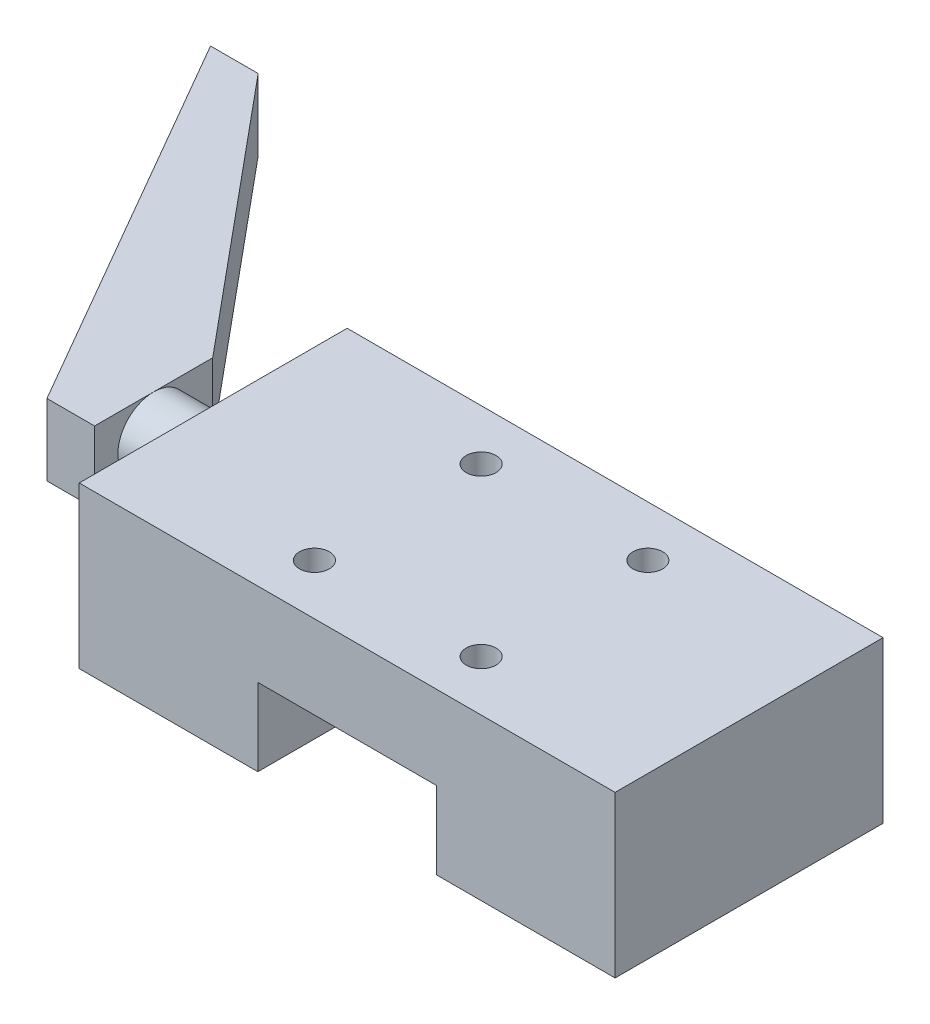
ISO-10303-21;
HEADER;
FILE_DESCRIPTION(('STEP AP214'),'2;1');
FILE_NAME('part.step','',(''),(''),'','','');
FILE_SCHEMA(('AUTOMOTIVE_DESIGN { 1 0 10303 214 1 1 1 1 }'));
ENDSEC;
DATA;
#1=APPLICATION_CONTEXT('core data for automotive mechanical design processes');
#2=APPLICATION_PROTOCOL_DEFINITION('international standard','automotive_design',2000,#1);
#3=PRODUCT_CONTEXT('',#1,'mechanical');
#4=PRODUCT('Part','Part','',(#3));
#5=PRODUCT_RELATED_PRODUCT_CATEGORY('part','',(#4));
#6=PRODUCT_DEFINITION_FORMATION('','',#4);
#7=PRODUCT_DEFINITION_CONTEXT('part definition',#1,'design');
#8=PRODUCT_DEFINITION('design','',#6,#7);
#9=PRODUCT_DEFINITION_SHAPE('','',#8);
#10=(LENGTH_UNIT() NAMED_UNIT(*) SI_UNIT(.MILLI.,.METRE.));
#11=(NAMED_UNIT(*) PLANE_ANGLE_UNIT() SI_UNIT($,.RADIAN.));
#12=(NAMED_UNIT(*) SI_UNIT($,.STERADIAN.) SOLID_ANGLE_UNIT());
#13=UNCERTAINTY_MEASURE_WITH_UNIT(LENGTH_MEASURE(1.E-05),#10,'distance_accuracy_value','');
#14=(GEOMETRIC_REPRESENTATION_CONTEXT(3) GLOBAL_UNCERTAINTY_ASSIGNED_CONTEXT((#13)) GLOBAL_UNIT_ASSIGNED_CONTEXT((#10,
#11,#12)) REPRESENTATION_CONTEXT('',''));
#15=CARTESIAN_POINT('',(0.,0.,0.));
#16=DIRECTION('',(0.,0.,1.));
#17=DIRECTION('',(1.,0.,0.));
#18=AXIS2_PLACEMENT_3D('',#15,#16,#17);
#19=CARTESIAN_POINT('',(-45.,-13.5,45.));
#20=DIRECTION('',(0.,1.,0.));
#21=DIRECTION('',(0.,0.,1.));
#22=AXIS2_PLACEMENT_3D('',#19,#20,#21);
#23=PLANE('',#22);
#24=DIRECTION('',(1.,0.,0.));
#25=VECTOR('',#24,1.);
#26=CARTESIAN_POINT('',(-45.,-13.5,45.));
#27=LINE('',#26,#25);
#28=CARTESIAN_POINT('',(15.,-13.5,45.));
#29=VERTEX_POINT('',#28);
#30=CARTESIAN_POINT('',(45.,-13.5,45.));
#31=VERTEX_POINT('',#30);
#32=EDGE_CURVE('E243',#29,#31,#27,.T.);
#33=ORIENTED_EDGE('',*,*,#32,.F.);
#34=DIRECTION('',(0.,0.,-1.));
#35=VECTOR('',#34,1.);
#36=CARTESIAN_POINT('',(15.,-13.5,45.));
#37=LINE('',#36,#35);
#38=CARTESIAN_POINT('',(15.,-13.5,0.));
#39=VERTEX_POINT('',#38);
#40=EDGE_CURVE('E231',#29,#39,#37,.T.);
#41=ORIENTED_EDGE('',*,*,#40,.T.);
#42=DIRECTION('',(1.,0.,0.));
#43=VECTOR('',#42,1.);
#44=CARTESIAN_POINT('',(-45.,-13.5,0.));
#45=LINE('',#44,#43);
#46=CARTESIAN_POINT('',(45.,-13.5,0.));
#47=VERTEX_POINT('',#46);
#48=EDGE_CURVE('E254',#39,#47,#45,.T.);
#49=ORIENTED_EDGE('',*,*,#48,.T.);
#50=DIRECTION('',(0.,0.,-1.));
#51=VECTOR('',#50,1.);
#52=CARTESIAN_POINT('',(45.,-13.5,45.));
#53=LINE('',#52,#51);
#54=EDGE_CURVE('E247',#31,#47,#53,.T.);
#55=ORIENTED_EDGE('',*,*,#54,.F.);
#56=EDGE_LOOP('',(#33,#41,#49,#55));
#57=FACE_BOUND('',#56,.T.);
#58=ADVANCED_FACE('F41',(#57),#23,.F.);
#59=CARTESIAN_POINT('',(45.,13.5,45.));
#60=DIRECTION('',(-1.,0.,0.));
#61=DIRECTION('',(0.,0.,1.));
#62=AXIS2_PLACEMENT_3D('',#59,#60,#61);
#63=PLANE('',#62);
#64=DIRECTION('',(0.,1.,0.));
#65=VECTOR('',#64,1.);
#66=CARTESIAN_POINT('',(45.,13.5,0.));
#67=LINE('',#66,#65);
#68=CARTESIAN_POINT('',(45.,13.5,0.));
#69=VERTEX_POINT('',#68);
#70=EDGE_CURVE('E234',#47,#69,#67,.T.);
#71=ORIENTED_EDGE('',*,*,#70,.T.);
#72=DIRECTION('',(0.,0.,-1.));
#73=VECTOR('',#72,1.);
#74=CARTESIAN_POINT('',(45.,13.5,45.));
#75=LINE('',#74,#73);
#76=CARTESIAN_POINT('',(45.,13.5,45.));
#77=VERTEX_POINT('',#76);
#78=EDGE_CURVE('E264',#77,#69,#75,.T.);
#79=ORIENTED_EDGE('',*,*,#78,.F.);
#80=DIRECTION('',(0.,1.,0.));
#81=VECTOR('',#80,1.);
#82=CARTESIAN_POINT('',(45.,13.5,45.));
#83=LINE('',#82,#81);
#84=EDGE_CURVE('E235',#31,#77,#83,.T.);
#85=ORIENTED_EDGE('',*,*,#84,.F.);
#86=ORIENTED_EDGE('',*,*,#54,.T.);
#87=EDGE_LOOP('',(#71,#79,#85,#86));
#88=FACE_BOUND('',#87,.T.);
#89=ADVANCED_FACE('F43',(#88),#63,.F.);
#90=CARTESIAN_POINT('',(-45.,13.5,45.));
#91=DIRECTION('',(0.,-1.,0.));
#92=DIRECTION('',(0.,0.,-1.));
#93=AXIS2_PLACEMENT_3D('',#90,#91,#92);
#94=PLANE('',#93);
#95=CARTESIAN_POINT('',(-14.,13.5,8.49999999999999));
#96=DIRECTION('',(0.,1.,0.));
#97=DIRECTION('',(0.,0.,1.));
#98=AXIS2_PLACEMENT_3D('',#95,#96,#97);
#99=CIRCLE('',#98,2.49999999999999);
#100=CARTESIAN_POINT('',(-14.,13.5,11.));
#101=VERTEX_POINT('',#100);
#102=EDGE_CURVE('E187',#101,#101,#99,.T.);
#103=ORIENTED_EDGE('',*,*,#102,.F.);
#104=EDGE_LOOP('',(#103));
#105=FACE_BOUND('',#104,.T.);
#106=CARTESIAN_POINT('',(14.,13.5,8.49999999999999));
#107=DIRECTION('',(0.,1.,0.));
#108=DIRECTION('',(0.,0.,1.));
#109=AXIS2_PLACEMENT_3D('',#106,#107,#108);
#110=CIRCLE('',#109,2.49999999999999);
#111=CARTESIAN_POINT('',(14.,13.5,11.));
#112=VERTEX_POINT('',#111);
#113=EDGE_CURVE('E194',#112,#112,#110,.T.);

########

= Exercise requirements =
Tally, in the data above, the lines where the word "mechanical" occurs, and give the figure alone.

= Solution to this task =
2